Highlights & Insights¶
- LLM as an Intelligent Search Engine: Replacing the random operations of traditional evolutionary algorithms with LLMs is an elegant design; the programming capability and common-sense knowledge of LLMs yield much higher search efficiency than random search.
- Interpretability Without Sacrificing Accuracy: DiSciPLE's synthesized programs are more accurate than deep models (35% lower error), challenging the stereotype that "interpretability must compromise performance."
- Democratizing Scientific Discovery: The framework allows non-ML experts to automatically discover visual patterns by simply providing task descriptions and data, lowering the barrier to entry for scientific discovery.
Limitations & Future Work¶
- Dependency on the code generation capability of LLMs, making program quality constrained by LLM performance.
- The library of primitive functions requires manual design, needing different sets of primitives for different domains.
- High computational cost of evolutionary search (due to multiple LLM calls and program evaluations).
- Validation is limited to remote sensing and demographics, leaving applicability to other scientific domains unexplored.
Related Work & Insights¶
- vs ViperGPT/VisProg: These methods rely directly on LLM zero-shot code generation, which performs poorly on scientific tasks (error of 0.84).
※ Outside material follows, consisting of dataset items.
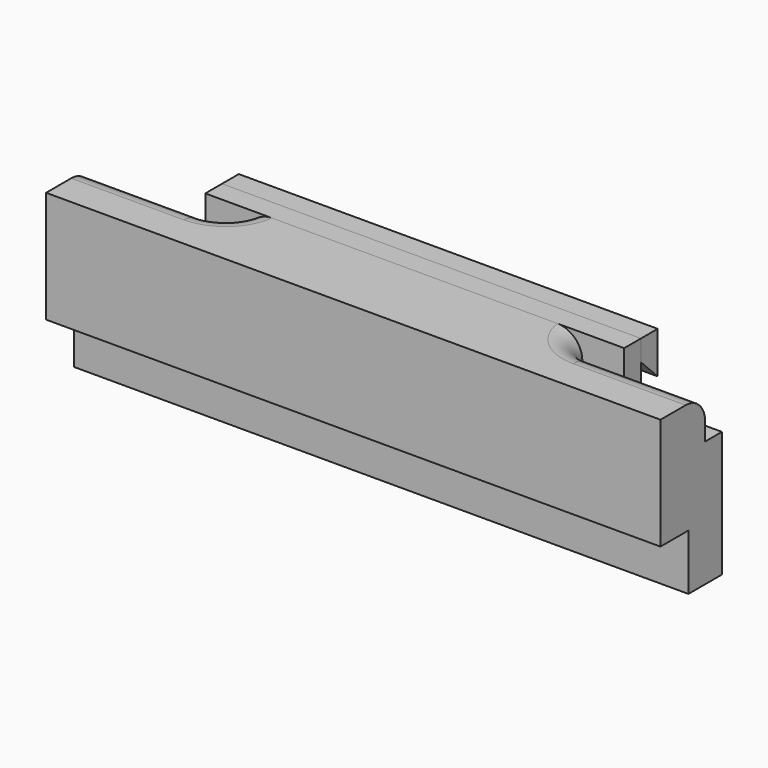
from build123d import *

# Parameters (mm, degrees)
F0_W        = 558.8
F0_H        = 152.4
F1_DEPTH    = 69.85
F2_W        = 558.8
F2_H        = 50.8
F3_DEPTH    = 31.75
F4_W        = 127
F4_H        = 19.05
F5_DEPTH    = 38.1
F6_T1_DEPTH = 99.583610621
F7_R        = 22.225
F9_D        = 5.1054
F9_DEPTH    = 12.7
F9_TIP      = 1.5338169022
F10_W       = 381
F10_H       = 139.7
F11_DEPTH   = 19.05
F13_DEPTH   = 381


# Not quite as in the source:
# - a fillet or chamfer that OpenCascade refuses, or shapes differently, is made with other operations: its cross-section is extruded or revolved along the edge and cut away or added


with BuildPart() as f1:
    # F0 (on Front) → F1 (new body)
    with BuildSketch(Plane.XZ):
        with Locations((279.4, 76.2)):
            Rectangle(F0_W, F0_H)
    extrude(amount=F1_DEPTH)

    # F2 (on face) → F3 (cut)
    with BuildSketch(Plane.XZ.offset(69.85)):
        with Locations((279.4, 25.4)):
            Rectangle(F2_W, F2_H)
    extrude(amount=-F3_DEPTH, mode=Mode.SUBTRACT)

    # F4 (on face) → F5 (cut)
    with BuildSketch(Plane.XY.offset(152.4)):
        with Locations((63.5, -9.525)):
            Rectangle(F4_W, F4_H)
        with Locations((495.3, -9.525)):
            Rectangle(F4_W, F4_H)
    extrude(amount=-F5_DEPTH, mode=Mode.SUBTRACT)

    # F6: fillet of radius 25.4 on 2 edges, made by hand

    # F6_s2 → F6_t1 (join)
    with BuildSketch(Plane.XY.offset(52.816389379)):
        with BuildLine():
            ThreePointArc((102.4065557516, -19.05), (117.9608156183, -13.7304631421), (127, 0))
            Line((127, 0), (127, -19.05))
            Line((127, -19.05), (102.4065557516, -19.05))
        make_face()
        with BuildLine():
            ThreePointArc((431.8, 0), (440.8391843817, -13.7304631421), (456.3934442484, -19.05))
            Line((456.3934442484, -19.05), (431.8, -19.05))
            Line((431.8, -19.05), (431.8, 0))
        make_face()
    extrude(amount=F6_T1_DEPTH)

    # F7
    f7_edges = [f1.edges().sort_by_distance(p)[0] for p in [
        (51.203278, -19.05, 152.4),
        (440.839184, -13.730463, 152.4),
        (507.596722, -19.05, 152.4),
        (117.960816, -13.730463, 152.4),
    ]]
    fillet(f7_edges, radius=F7_R)

    # F9
    with Locations(Plane(origin=(0, 0, 0), x_dir=(-1, 0, 0), z_dir=(0, 1, 0))):
        with Locations((-439.7375, 49.2125), (-437.35625, 98.425), (-332.58125, 49.2125), (-278.60625, 108.74375), (-225.425, 49.2125), (-119.0625, 49.2125), (-114.3, 98.425)):
            Hole(F9_D / 2, depth=F9_DEPTH)
            with Locations((0, 0, -(F9_DEPTH + F9_TIP / 2))):  # 118° drill point
                Cone(0, F9_D / 2, F9_TIP, mode=Mode.SUBTRACT)


with BuildPart() as f11:
    # F10 (on face) → F11 (new body)
    with BuildSketch(Plane(origin=(0, 0, 0), x_dir=(-1, 0, 0), z_dir=(0, 1, 0))):
        with Locations((-279.4, 82.55)):
            Rectangle(F10_W, F10_H)
    extrude(amount=F11_DEPTH)


with BuildPart() as f13:
    # F12 (on face) → F13 (new body)
    with BuildSketch(Plane.YZ.offset(469.9)):
        Polygon((38.1, 152.4), (19.05, 152.4), (19.05, 133.35), (38.1, 114.3), align=None)
    extrude(amount=-F13_DEPTH)


solid = Compound([f1.part, f11.part, f13.part])

DiSciPLE iteratively refines the code through evolutionary search.
- vs Concept Bottleneck Models (CBMs): Concept bottleneck models are restricted to simple linear functions, whereas the programs generated by DiSciPLE can contain complex logic and nested calls.
- vs Symbolic Regression (SR): Traditional SR methods cannot handle high-dimensional image inputs, which DiSciPLE resolves by introducing vision foundation models as primitives.
- Holds significant value for automating scientific discovery and AI for Science.
Rating¶
- Novelty: ⭐⭐⭐⭐⭐ LLM-guided evolutionary search for synthesizing interpretable programs establishes a brand-new paradigm.
- Experimental Thoroughness: ⭐⭐⭐⭐ Evaluated on three real-world scientific tasks with detailed ablation studies.
- Writing Quality: ⭐⭐⭐⭐ Strong motivation and clear problem formulation.
- Value: ⭐⭐⭐⭐⭐ Opens a new direction for interpretability in AI for Science.